──────── Records for this exercise
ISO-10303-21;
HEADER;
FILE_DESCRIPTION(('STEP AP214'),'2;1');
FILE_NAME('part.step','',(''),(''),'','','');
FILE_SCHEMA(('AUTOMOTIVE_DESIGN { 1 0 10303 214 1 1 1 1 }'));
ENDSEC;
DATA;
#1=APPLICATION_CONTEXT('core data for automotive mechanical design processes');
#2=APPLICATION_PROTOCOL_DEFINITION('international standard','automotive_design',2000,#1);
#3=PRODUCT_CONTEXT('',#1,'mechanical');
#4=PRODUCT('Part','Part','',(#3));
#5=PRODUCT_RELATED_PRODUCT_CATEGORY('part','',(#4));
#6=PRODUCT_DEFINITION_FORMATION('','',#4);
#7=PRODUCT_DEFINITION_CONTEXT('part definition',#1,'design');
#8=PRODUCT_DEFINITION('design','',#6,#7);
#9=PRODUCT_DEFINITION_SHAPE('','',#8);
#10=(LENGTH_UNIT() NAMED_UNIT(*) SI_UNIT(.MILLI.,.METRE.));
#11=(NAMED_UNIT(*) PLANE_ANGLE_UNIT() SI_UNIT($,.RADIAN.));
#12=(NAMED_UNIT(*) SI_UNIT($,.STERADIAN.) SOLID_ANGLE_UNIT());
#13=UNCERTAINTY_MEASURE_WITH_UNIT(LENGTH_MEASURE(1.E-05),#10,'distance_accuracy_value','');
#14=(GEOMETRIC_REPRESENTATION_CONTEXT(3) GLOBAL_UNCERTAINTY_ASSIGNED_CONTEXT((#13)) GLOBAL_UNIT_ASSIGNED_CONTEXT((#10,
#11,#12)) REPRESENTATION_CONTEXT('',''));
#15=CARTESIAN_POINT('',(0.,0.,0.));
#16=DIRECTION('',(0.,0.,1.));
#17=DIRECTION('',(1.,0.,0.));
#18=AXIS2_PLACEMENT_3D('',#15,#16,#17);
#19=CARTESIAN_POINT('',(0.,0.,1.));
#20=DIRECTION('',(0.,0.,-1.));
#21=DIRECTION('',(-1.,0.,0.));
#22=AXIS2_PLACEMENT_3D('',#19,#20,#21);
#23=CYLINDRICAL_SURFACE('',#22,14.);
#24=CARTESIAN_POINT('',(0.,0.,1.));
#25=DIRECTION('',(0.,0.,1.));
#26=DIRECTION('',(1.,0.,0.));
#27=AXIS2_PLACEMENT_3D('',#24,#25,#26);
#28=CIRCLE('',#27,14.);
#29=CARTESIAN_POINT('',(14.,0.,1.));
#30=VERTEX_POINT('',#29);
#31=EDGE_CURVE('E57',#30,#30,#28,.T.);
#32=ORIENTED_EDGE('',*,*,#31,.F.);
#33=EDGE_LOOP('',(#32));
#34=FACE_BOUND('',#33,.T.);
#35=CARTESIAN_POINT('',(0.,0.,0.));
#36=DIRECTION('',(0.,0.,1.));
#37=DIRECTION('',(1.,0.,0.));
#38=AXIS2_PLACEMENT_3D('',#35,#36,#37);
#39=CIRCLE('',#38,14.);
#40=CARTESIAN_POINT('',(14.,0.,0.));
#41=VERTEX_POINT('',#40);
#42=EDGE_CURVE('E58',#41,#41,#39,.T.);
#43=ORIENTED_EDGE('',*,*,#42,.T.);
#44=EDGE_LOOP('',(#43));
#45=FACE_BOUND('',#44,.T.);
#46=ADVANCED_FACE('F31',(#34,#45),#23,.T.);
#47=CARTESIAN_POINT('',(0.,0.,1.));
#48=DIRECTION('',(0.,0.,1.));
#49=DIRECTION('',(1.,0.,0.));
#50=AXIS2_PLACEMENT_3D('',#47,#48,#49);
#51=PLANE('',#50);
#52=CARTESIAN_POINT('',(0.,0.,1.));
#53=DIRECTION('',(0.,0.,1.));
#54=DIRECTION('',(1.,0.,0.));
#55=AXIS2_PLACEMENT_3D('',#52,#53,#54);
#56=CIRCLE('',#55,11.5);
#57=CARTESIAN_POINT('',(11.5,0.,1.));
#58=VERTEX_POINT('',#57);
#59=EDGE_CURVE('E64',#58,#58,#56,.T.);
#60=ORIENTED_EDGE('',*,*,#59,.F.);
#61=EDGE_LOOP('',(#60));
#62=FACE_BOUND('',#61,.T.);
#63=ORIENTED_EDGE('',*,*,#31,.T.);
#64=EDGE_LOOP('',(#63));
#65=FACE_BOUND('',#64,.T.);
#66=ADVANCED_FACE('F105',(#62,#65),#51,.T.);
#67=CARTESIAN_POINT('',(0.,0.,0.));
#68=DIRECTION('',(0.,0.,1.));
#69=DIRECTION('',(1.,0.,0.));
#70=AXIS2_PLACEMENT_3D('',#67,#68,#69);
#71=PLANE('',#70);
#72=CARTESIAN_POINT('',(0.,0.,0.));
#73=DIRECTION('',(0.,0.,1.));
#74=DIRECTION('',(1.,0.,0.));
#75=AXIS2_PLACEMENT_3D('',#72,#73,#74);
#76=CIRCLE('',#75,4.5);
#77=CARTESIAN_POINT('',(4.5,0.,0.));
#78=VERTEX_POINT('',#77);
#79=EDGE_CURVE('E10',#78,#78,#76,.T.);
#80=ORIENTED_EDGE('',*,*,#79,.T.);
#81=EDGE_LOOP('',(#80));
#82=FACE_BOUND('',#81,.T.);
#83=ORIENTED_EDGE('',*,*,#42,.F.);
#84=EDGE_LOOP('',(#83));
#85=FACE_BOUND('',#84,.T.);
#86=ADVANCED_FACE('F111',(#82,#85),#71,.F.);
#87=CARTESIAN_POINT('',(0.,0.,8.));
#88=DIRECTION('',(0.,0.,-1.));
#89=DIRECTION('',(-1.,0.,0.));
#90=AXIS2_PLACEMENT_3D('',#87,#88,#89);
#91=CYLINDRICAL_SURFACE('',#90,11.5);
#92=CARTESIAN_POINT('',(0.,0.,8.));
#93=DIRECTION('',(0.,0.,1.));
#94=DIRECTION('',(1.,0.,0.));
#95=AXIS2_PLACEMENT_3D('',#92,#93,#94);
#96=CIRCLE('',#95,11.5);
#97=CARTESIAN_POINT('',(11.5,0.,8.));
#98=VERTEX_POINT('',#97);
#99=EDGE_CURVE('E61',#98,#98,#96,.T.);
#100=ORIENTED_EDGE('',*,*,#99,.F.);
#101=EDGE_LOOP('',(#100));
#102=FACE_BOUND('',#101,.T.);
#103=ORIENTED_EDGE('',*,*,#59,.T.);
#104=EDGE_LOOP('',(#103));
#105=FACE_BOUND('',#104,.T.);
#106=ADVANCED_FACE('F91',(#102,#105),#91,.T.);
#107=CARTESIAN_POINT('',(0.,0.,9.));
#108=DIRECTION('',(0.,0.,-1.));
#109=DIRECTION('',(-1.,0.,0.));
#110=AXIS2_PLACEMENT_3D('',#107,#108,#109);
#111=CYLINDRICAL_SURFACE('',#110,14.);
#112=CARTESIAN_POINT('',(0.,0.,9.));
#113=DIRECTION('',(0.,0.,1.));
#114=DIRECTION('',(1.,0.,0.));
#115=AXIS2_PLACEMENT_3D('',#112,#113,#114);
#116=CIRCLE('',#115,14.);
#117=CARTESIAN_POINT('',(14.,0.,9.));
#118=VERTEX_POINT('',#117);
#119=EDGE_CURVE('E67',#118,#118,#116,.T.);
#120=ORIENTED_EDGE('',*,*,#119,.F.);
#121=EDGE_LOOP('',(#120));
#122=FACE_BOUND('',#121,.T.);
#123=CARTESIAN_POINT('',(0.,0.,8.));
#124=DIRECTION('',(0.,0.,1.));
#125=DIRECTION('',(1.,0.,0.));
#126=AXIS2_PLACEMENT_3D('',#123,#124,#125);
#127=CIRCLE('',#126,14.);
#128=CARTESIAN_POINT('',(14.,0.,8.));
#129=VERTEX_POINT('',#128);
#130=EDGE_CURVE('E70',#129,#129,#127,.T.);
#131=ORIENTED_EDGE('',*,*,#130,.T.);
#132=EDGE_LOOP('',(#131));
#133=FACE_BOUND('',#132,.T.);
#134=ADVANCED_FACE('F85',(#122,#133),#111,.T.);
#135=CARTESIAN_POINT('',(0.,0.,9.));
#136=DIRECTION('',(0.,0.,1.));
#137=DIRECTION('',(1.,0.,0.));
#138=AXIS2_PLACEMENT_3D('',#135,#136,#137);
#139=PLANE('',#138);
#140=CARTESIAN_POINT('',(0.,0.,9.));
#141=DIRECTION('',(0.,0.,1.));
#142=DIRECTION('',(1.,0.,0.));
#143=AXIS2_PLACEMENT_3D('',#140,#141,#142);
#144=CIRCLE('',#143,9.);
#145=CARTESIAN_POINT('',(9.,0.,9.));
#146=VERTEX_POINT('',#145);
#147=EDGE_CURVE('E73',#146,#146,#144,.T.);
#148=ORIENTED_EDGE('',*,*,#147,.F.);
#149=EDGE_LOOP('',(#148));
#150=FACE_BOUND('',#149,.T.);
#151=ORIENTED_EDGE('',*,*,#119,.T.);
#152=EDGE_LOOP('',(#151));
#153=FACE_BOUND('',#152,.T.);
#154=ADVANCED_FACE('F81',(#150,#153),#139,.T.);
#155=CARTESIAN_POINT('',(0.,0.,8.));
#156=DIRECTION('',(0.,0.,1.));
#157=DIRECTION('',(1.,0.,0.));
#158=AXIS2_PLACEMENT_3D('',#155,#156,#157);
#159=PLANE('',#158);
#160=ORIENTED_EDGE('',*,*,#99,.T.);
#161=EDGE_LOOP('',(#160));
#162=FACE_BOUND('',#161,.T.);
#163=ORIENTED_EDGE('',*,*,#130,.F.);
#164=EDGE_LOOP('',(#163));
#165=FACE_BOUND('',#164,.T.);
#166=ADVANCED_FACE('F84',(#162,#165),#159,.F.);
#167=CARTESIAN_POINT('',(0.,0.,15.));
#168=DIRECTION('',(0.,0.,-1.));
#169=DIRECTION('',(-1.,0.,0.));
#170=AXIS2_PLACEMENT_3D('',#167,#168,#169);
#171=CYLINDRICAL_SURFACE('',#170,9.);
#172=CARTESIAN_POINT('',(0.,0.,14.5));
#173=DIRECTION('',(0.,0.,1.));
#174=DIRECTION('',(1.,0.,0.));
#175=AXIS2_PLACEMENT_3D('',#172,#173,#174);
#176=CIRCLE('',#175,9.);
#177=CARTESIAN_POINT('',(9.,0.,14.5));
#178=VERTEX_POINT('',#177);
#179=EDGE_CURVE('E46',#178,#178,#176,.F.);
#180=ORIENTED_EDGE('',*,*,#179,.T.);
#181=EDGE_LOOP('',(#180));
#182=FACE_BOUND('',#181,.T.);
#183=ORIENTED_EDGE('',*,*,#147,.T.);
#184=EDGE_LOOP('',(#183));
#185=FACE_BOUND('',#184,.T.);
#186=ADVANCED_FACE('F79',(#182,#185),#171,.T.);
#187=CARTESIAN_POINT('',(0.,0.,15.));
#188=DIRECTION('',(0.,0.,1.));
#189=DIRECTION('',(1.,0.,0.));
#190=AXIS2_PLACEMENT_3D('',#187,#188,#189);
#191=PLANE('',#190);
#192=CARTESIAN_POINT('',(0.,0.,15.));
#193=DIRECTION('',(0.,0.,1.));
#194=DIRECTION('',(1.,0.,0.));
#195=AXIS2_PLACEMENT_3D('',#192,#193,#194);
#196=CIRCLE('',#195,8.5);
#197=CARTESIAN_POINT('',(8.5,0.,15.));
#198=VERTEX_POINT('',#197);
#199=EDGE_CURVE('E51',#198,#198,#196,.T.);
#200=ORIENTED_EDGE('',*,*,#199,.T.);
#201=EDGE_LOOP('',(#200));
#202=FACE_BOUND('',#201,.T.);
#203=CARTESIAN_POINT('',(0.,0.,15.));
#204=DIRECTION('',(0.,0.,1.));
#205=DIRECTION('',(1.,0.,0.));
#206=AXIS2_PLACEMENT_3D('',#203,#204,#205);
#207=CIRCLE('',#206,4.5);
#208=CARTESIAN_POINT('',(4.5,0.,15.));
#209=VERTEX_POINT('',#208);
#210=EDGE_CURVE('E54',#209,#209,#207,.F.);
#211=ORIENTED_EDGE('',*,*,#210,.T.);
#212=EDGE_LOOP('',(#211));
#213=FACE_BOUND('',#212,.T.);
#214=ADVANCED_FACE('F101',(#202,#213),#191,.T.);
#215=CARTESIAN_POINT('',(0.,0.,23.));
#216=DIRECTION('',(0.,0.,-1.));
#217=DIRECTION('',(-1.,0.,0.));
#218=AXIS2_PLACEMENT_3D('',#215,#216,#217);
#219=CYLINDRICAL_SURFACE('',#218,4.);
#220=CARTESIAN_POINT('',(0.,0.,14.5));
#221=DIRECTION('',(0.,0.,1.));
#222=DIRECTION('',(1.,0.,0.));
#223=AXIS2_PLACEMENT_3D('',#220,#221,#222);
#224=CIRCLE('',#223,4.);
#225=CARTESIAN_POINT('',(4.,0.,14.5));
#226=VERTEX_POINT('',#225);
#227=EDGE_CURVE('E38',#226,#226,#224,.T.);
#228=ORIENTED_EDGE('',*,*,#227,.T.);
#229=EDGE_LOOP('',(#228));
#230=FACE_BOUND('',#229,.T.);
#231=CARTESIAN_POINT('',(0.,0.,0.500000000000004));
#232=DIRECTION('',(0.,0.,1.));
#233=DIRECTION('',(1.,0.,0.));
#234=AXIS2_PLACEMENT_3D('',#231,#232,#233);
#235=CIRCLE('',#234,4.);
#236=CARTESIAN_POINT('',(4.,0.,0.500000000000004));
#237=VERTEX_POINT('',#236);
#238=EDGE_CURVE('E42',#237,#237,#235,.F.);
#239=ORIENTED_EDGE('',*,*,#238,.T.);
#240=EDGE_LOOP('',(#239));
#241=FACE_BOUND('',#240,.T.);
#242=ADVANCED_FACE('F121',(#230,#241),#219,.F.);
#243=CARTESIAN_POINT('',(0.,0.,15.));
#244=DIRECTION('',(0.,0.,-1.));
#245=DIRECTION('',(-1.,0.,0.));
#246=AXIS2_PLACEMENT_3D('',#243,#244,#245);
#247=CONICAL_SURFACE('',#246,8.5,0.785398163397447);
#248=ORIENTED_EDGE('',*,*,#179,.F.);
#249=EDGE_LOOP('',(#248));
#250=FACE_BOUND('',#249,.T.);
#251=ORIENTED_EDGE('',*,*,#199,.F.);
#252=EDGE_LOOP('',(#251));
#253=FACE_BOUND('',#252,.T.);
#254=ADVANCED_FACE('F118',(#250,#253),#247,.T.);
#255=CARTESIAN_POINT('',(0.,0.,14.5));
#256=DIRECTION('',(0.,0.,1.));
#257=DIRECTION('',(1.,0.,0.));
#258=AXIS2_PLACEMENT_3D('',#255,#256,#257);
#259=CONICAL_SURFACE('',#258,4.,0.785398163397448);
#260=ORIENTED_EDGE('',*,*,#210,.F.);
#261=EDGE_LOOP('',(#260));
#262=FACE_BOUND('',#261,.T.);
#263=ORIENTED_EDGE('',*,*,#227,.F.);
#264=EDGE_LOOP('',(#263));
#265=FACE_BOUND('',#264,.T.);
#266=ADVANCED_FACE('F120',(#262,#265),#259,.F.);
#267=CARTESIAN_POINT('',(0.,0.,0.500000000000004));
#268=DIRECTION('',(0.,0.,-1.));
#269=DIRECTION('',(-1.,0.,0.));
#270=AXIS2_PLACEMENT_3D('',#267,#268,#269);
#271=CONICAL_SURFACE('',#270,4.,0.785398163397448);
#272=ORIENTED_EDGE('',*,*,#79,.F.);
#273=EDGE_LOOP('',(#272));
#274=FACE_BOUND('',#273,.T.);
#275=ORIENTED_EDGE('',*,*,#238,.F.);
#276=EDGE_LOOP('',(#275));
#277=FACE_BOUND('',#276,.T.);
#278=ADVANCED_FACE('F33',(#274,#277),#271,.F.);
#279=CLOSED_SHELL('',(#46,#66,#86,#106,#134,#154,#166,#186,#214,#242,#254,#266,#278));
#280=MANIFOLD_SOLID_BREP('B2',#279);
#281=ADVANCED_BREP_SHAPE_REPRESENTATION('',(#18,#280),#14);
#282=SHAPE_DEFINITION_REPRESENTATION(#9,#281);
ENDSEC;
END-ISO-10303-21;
────────────────
*Problem:* Your answer must consist solely of the lines above between the line holding "#62=FACE_BOUND('',#61,.T.);" and the line holding "#76=CIRCLE('',#75,4.5);", inclusive, copied exactly.

*Response to this exercise:*
#62=FACE_BOUND('',#61,.T.);
#63=ORIENTED_EDGE('',*,*,#31,.T.);
#64=EDGE_LOOP('',(#63));
#65=FACE_BOUND('',#64,.T.);
#66=ADVANCED_FACE('F105',(#62,#65),#51,.T.);
#67=CARTESIAN_POINT('',(0.,0.,0.));
#68=DIRECTION('',(0.,0.,1.));
#69=DIRECTION('',(1.,0.,0.));
#70=AXIS2_PLACEMENT_3D('',#67,#68,#69);
#71=PLANE('',#70);
#72=CARTESIAN_POINT('',(0.,0.,0.));
#73=DIRECTION('',(0.,0.,1.));
#74=DIRECTION('',(1.,0.,0.));
#75=AXIS2_PLACEMENT_3D('',#72,#73,#74);
#76=CIRCLE('',#75,4.5);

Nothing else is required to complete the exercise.